In fact, to properly understand what is $SO(n)(\mathcal{O})$, you need to know what are split groups over a ring. A summary of this story goes as follows:

Given a ring $R$, and given a finite Dynkin diagram (https://en.wikipedia.org/wiki/Dynkin_diagram), you have a unique simply connected (resp. adjoint) absolutely simple split algebraic group over $R$. For example, for the $A_n$ diagram, the corresponding algebraic group is $SL_{n+1}$ (resp. $PGL_{n+1}\simeq SL_{n+1}/\mu_{n+1}$ ) considered as an algebraic group over $R$.

But you also have some groups "in between" the simply connected one and the adjoint one.
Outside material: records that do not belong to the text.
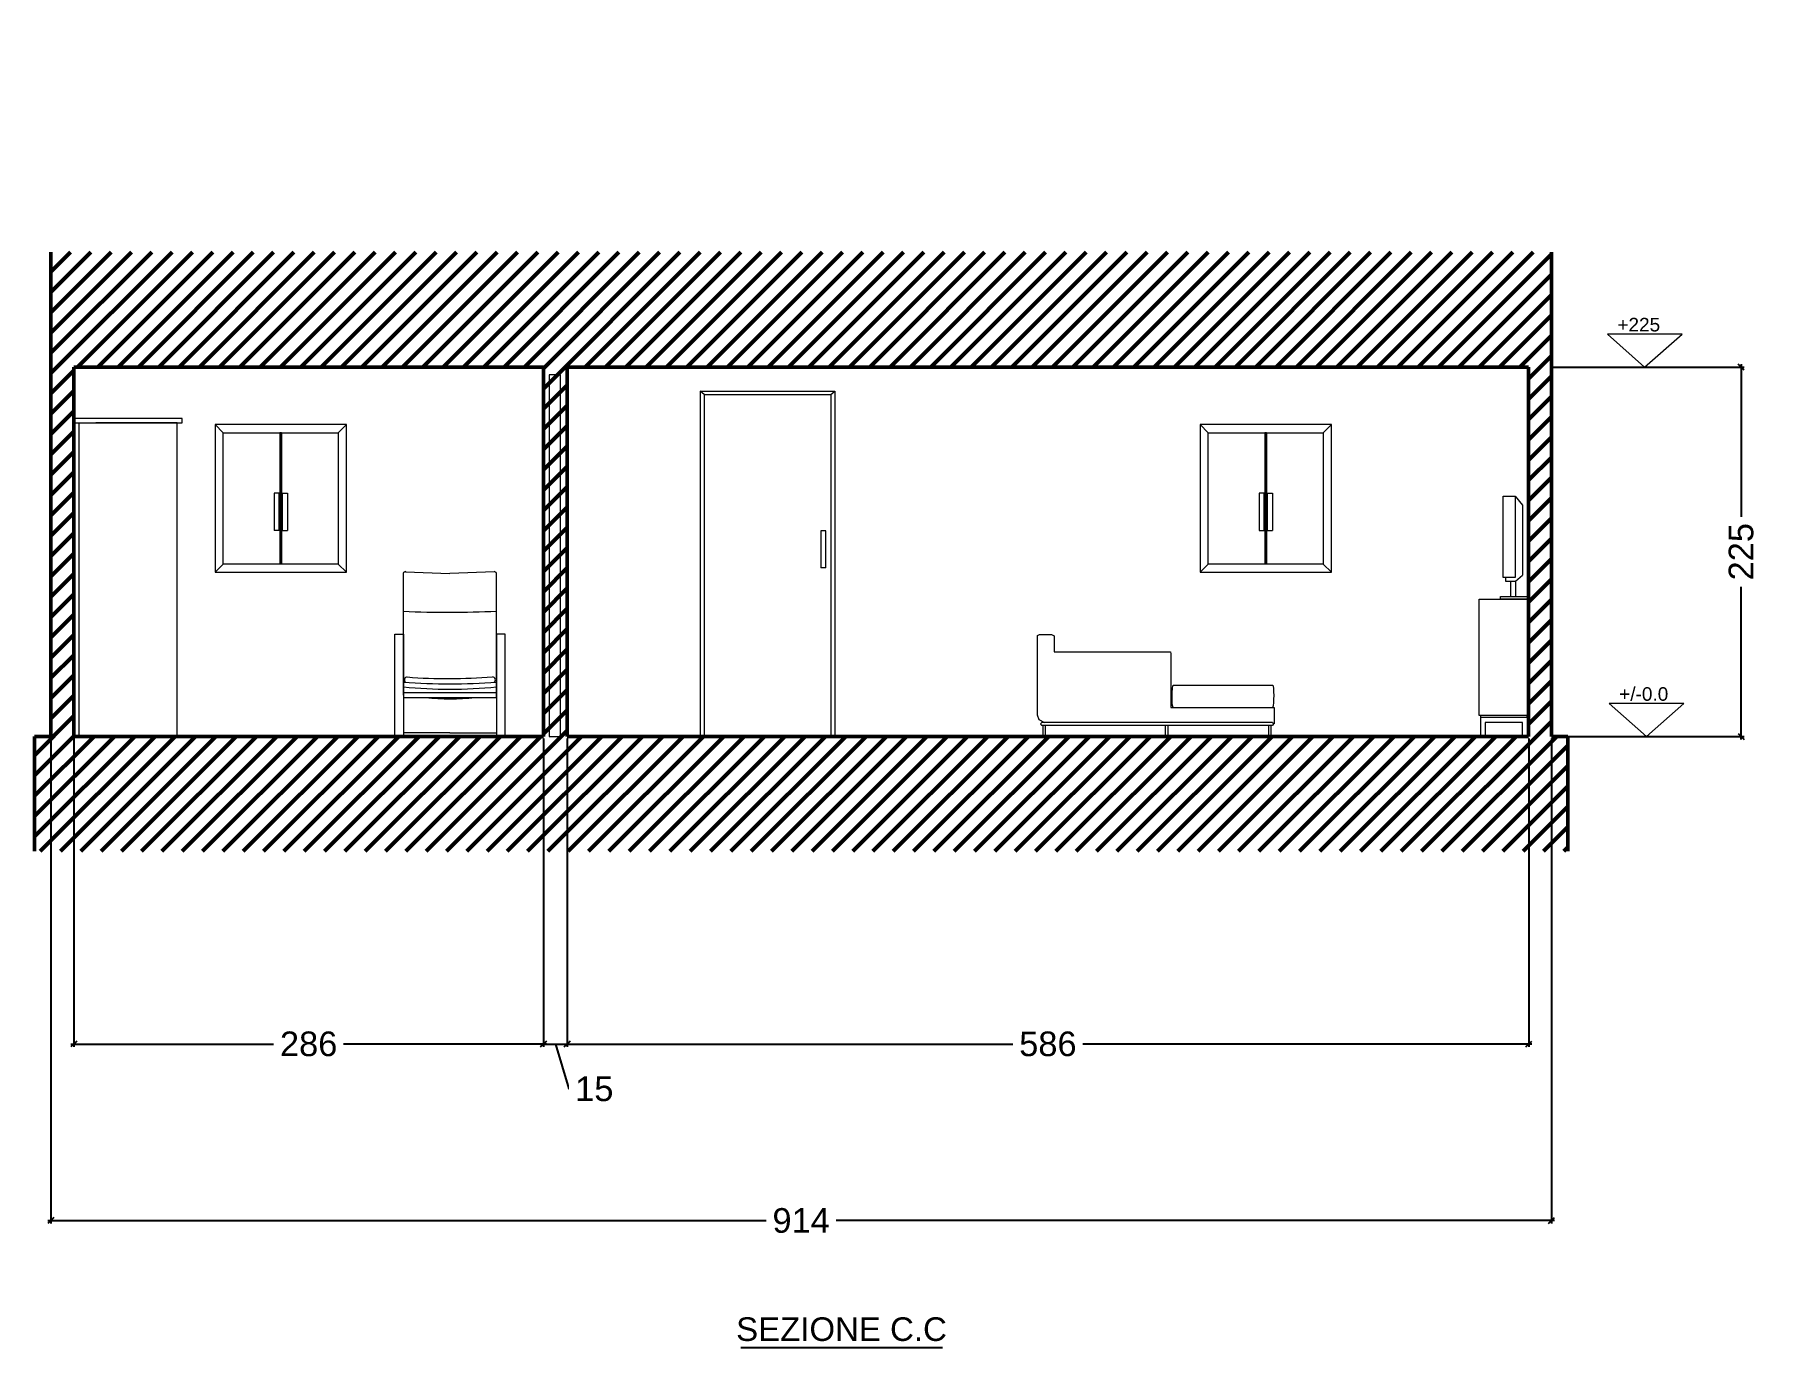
# Model space of a CAD drawing. Header units: inches. Extents: x 2960 to 8891, y 1487 to 4457.
# Drawn here: x 2986 to 4037, y 1487 to 2287 of the extents above; entities that cross this region are included whole.
import ezdxf

# ---------------------------------------------------------------- set-up
doc = ezdxf.new("R2010")
doc.units = ezdxf.units.IN
doc.header["$MEASUREMENT"] = 0
for name, color, linetype, lineweight in [('A-FURN', 8, 'Continuous', 20), ('A-WALL-FULL', 7, 'Continuous', 50), ('costruzioni', 2, 'Continuous', 18), ('G-ANNO-DIM', 90, 'Continuous', 18)]:
    doc.layers.add(name, color=color, linetype=linetype, lineweight=lineweight)
doc.styles.add('ARIAL', font='arial.ttf')
doc.styles.add('underline', font='arial.ttf')
doc.dimstyles.new('TICK_36', dxfattribs={"dimtxt": 15, "dimasz": 3.6, "dimexe": 1.8, "dimexo": 1.2, "dimgap": 1.8, "dimtad": 0, "dimdec": 0, "dimzin": 0, "dimdsep": 46, "dimtxsty": 'ARIAL', "dimblk": 'OBLIQUE', "dimcen": 1.8, "dimdle": 1.8, "dimclrd": 256, "dimclrt": 256, "dimadec": 0, "dimazin": 0, "dimtfac": 1, "dimtdec": 0, "dimtmove": 1, "dimatfit": 3, "dimldrblk": 'OPEN90', "dimfxl": 1, "dimtfill": 1, "dimtolj": 1, "dimtzin": 0, "dimarcsym": 0})

# ---------------------------------------------------------------- blocks, each defined once
blk = doc.blocks.new('divano lato')
for p, q in [((31.415, 8.832), (31.414, 8.736)), ((31.43, 8.84), (31.415, 8.832)), ((31.505, 8.84), (31.43, 8.84)), ((31.516, 8.834), (31.505, 8.84)), ((31.516, 8.349), (31.516, 8.834)), ((30.707, 8.736), (30.704, 8.723)), ((30.704, 8.723), (30.704, 8.397)), ((31.414, 8.736), (30.707, 8.736)), ((30.077, 8.511), (30.079, 8.525)), ((30.079, 8.525), (30.082, 8.531)), ((30.082, 8.531), (30.69, 8.531)), ((30.691, 8.527), (30.69, 8.531)), ((30.694, 8.511), (30.691, 8.527)), ((30.075, 8.469), (30.076, 8.492)), ((30.076, 8.446), (30.075, 8.469)), ((30.076, 8.492), (30.077, 8.511)), ((30.077, 8.425), (30.076, 8.446)), ((30.079, 8.408), (30.077, 8.425)), ((30.082, 8.397), (30.079, 8.408)), ((30.689, 8.397), (30.693, 8.409)), ((30.693, 8.409), (30.695, 8.424)), ((30.695, 8.49), (30.694, 8.511)), ((30.696, 8.467), (30.695, 8.49)), ((30.695, 8.444), (30.696, 8.467)), ((30.695, 8.424), (30.695, 8.444)), ((30.075, 8.397), (30.075, 8.296)), ((30.704, 8.397), (30.075, 8.397)), ((30.084, 8.304), (31.491, 8.304)), ((31.472, 8.303), (31.506, 8.32)), ((31.506, 8.32), (31.516, 8.349)), ((30.075, 8.296), (30.079, 8.296)), ((30.079, 8.292), (30.079, 8.299)), ((31.491, 8.288), (30.084, 8.288)), ((30.092, 8.219), (30.092, 8.288)), ((30.11, 8.219), (30.092, 8.219)), ((30.11, 8.288), (30.11, 8.219)), ((30.721, 8.219), (30.721, 8.288)), ((30.739, 8.219), (30.721, 8.219)), ((30.739, 8.288), (30.739, 8.219)), ((31.467, 8.219), (31.467, 8.288)), ((31.484, 8.219), (31.467, 8.219)), ((31.484, 8.288), (31.484, 8.219)), ((31.495, 8.299), (31.495, 8.292))]:
    blk.add_line(p, q)
for centre, start, end in [((30.084, 8.299), 90, 180), ((31.491, 8.299), 360, 90), ((30.084, 8.292), 180, 270), ((31.491, 8.292), 270, 0)]:
    blk.add_arc(centre, 0.00424, start, end)
blk = doc.blocks.new('poltrona frontale')
at = {"layer": 'A-FURN'}
for p, q in [((19.405, 1.59), (19.121, 1.59)), ((19.405, 1.59), (19.689, 1.59)), ((19.121, 1.569), (19.405, 1.569)), ((19.689, 1.569), (19.405, 1.569))]:
    blk.add_line(p, q, dxfattribs=at)
for points in [[(19.121, 1.819), (19.121, 2.561)], [(19.133, 2.571), (19.405, 2.56)], [(19.677, 2.571), (19.405, 2.56)], [(19.689, 1.819), (19.689, 2.561)]]:
    blk.add_lwpolyline(points, dxfattribs=at)
for points in [[(19.069, 2.19), (19.121, 2.19), (19.121, 1.568), (19.069, 1.568)], [(19.741, 2.19), (19.689, 2.19), (19.689, 1.568), (19.741, 1.568)], [(19.689, 1.833), (19.121, 1.833), (19.121, 1.805), (19.689, 1.805)]]:
    blk.add_lwpolyline(points, close=True, dxfattribs=at)
for centre, radius, start, end in [((19.134, 2.558), 0.0136, 84.7605, 167.239), ((19.675, 2.558), 0.0136, 12.761, 95.2395), ((19.4, 7.997), 5.673, 267.1838, 272.9169), ((19.406, 5.471), 3.583, 265.4461, 269.9874), ((19.145, 1.912), 0.0173, 91.5896, 233.4658), ((19.395, 5.108), 3.188, 265.491, 274.8472), ((19.404, 5.471), 3.583, 270.0126, 274.5539), ((19.663, 1.912), 0.0184, 309.0847, 84.7296), ((19.405, 4.481), 2.626, 263.7977, 276.2023), ((19.407, 3.028), 1.232, 263.0099, 276.9901)]:
    blk.add_arc(centre, radius, start, end, dxfattribs=at)
blk = doc.blocks.new('_Oblique')
at = {"color": 0, "linetype": 'ByBlock', "lineweight": -2}
blk.add_line((-0.5, -0.5), (0.5, 0.5), dxfattribs=at)
blk = doc.blocks.new('*D39')
at = {"layer": 'Defpoints', "color": 0, "transparency": 16777216}
for p in [(3910.4, 2084.5), (4026, 2084.5), (3910.4, 1859.5)]:
    blk.add_point(p, dxfattribs=at)
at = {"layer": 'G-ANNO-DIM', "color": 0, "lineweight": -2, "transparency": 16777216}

In the $A_n$ case, this corresponds to the fact that you could quotient by proper subgroups of $\mu_{n+1}$.

Finally, your group $K$ in the $A_n$ case would just be $SL_{n+1}(\mathcal{O})$, or if working with the adjoint guy, it would be $PGL_{n+1}(\mathcal{O}) = GL_{n+1}(\mathcal{O})/\mathcal{O}^{\times} $. Warning here : computing rational points of quotients of algebraic groups is a complicated story. But it's ok for this particular quotient using that $\mathcal{O}$ is a PID.

Now, $SO(2n+1)(\mathcal{O})$ (resp. $SO(2n)(\mathcal{O})$) is just the group of rational points of a well-chosen quotient of THE simply connected absolutely simple split algebraic group over $\mathcal{O}$ of type $B_n$ (resp. $D_n$).

To make this more concrete and link that back to the comments, let us assume that $n$ is odd, or that $2$ is invertible in $\mathcal{O}$. Then actually $SO(n)(\mathcal{O})\simeq \lbrace g\in SL_n(\mathcal{O})~\vert~ q(g.x) = q(x)\rbrace $, where $q$ is the quadratic form $(x_{-k},...,x_k)\mapsto \sum x_{-i}x_i$ (we can have $2k+1$ or $2k$ variables, depending on whether or not we wish to include the index $0$).

If you want to know what $SO(n)$ is when $n$ is even and $2$ is not invertible in the base ring, you can for example look in "The Book of Involutions" by Knus, Merkurjev, Rost and Tignol (their definition of the split special orthogonal group works over an arbitrary ring). There is also the Appendix C of "Reductive Group Schemes" by Conrad, for that matter.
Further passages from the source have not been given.